Records from a collection:
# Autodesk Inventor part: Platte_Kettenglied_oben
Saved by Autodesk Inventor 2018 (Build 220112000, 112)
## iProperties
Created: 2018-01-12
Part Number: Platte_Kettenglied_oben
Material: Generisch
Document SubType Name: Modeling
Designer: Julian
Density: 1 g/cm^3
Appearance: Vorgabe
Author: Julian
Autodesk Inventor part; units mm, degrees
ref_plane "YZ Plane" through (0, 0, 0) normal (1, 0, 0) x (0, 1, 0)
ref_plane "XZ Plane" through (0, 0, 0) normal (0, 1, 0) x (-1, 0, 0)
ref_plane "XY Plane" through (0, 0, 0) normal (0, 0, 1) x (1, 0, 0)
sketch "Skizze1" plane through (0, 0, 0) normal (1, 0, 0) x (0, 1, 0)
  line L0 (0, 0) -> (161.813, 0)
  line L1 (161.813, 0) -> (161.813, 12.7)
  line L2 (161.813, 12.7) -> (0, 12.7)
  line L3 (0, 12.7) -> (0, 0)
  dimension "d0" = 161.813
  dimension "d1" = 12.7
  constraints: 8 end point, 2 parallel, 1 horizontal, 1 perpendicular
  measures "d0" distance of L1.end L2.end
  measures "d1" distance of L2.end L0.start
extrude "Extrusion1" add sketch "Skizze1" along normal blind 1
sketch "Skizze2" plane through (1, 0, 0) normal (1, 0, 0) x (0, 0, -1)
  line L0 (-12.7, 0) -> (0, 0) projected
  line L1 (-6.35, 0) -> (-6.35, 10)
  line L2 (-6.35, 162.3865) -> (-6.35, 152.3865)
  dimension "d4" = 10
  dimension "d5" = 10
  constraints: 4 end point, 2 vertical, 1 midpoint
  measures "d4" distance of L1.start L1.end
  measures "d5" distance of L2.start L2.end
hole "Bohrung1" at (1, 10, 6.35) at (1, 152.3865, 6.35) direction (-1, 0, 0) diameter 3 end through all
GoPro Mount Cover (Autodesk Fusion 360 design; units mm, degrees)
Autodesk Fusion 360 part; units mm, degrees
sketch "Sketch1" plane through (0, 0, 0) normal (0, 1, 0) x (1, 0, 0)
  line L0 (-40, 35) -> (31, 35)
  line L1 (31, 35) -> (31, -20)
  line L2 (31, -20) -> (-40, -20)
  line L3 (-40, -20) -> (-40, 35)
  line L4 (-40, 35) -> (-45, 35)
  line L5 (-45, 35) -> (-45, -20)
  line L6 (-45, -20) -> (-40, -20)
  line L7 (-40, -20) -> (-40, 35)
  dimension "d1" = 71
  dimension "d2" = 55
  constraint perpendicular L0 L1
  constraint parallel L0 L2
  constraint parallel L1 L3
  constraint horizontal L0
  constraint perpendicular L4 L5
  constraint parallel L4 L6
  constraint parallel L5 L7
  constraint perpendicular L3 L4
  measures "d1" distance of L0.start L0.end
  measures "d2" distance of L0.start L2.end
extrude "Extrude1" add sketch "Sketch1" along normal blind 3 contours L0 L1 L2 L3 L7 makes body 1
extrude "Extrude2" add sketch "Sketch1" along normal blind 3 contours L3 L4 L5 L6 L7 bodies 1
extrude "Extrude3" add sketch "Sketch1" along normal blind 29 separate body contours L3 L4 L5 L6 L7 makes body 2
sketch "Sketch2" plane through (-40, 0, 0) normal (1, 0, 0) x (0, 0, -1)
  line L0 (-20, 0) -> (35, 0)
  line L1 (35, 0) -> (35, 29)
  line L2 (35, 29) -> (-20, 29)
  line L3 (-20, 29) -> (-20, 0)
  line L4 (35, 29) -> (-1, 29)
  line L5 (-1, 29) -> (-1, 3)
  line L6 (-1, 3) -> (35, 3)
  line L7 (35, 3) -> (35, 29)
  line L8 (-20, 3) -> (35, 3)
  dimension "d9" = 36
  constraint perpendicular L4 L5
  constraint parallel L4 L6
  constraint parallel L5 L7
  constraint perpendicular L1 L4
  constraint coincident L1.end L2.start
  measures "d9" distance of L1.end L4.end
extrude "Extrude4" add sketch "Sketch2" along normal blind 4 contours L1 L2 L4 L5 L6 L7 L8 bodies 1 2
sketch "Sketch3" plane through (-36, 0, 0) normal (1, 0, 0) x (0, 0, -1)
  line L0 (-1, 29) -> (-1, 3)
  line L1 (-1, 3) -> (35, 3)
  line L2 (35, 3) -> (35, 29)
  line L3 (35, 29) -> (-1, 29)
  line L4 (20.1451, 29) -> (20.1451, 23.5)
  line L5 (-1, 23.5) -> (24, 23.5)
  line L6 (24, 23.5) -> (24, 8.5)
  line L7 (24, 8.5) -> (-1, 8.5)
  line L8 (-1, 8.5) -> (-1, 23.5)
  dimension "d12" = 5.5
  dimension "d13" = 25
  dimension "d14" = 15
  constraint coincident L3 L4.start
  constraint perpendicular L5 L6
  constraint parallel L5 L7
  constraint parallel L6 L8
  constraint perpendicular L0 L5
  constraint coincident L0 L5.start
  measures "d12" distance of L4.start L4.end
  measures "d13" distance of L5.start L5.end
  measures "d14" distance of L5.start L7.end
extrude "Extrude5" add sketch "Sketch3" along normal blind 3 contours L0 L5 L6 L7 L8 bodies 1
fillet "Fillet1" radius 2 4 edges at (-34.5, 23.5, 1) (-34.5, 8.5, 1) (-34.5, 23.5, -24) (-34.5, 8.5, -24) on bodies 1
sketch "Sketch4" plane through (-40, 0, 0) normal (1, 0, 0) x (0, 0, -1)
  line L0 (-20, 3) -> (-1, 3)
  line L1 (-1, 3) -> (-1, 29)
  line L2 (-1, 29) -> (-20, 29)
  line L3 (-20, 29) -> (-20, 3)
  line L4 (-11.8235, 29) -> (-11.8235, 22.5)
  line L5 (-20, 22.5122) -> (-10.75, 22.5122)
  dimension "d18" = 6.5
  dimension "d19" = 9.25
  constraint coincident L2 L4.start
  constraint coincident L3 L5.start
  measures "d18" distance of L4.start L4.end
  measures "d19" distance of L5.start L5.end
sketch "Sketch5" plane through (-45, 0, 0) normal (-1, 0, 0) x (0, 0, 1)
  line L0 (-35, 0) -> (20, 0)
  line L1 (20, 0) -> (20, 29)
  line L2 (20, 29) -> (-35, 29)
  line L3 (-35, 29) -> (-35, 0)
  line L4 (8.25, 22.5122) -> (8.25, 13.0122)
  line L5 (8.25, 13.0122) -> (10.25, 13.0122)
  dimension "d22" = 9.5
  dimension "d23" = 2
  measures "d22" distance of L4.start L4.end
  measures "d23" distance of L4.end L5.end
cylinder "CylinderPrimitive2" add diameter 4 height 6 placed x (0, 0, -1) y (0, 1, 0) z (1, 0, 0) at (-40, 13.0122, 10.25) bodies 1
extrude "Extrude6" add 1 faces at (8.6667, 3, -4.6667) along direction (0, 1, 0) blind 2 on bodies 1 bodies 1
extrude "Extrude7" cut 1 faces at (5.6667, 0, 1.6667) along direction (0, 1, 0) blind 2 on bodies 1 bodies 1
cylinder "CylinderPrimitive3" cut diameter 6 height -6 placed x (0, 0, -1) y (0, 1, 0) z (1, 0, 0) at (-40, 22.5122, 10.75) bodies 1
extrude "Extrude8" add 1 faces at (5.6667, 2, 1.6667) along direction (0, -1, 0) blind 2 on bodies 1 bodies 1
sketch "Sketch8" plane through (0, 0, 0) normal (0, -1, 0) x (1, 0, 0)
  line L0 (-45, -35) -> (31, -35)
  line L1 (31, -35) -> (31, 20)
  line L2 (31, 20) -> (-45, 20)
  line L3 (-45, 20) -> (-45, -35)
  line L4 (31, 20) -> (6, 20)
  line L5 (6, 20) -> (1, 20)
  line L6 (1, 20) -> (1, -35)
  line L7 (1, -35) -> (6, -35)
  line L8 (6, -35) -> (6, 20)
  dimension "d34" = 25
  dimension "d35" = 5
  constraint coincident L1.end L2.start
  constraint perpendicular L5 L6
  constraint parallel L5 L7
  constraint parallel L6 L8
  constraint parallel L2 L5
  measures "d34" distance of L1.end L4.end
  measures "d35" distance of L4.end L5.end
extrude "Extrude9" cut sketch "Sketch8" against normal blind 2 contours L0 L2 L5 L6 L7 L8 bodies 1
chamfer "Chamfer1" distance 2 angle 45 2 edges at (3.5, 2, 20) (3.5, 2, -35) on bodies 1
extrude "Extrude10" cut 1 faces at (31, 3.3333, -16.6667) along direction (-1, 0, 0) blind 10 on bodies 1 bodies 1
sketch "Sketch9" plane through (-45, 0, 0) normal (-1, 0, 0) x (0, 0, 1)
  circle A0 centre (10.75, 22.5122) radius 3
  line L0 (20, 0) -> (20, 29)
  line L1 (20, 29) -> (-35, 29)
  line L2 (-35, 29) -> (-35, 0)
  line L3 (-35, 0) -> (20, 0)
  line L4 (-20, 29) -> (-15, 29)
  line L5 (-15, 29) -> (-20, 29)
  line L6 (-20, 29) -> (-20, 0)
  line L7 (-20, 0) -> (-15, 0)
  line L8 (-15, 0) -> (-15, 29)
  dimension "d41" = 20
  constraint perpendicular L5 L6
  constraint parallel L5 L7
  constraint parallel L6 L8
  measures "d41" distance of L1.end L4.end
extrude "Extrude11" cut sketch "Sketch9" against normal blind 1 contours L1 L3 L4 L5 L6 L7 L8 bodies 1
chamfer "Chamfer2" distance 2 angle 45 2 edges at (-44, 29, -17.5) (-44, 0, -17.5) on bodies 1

* What needs to be done *
Your answer must be a single number: the count of lines in the data that contain the string "coincident".

* Problem solution *
6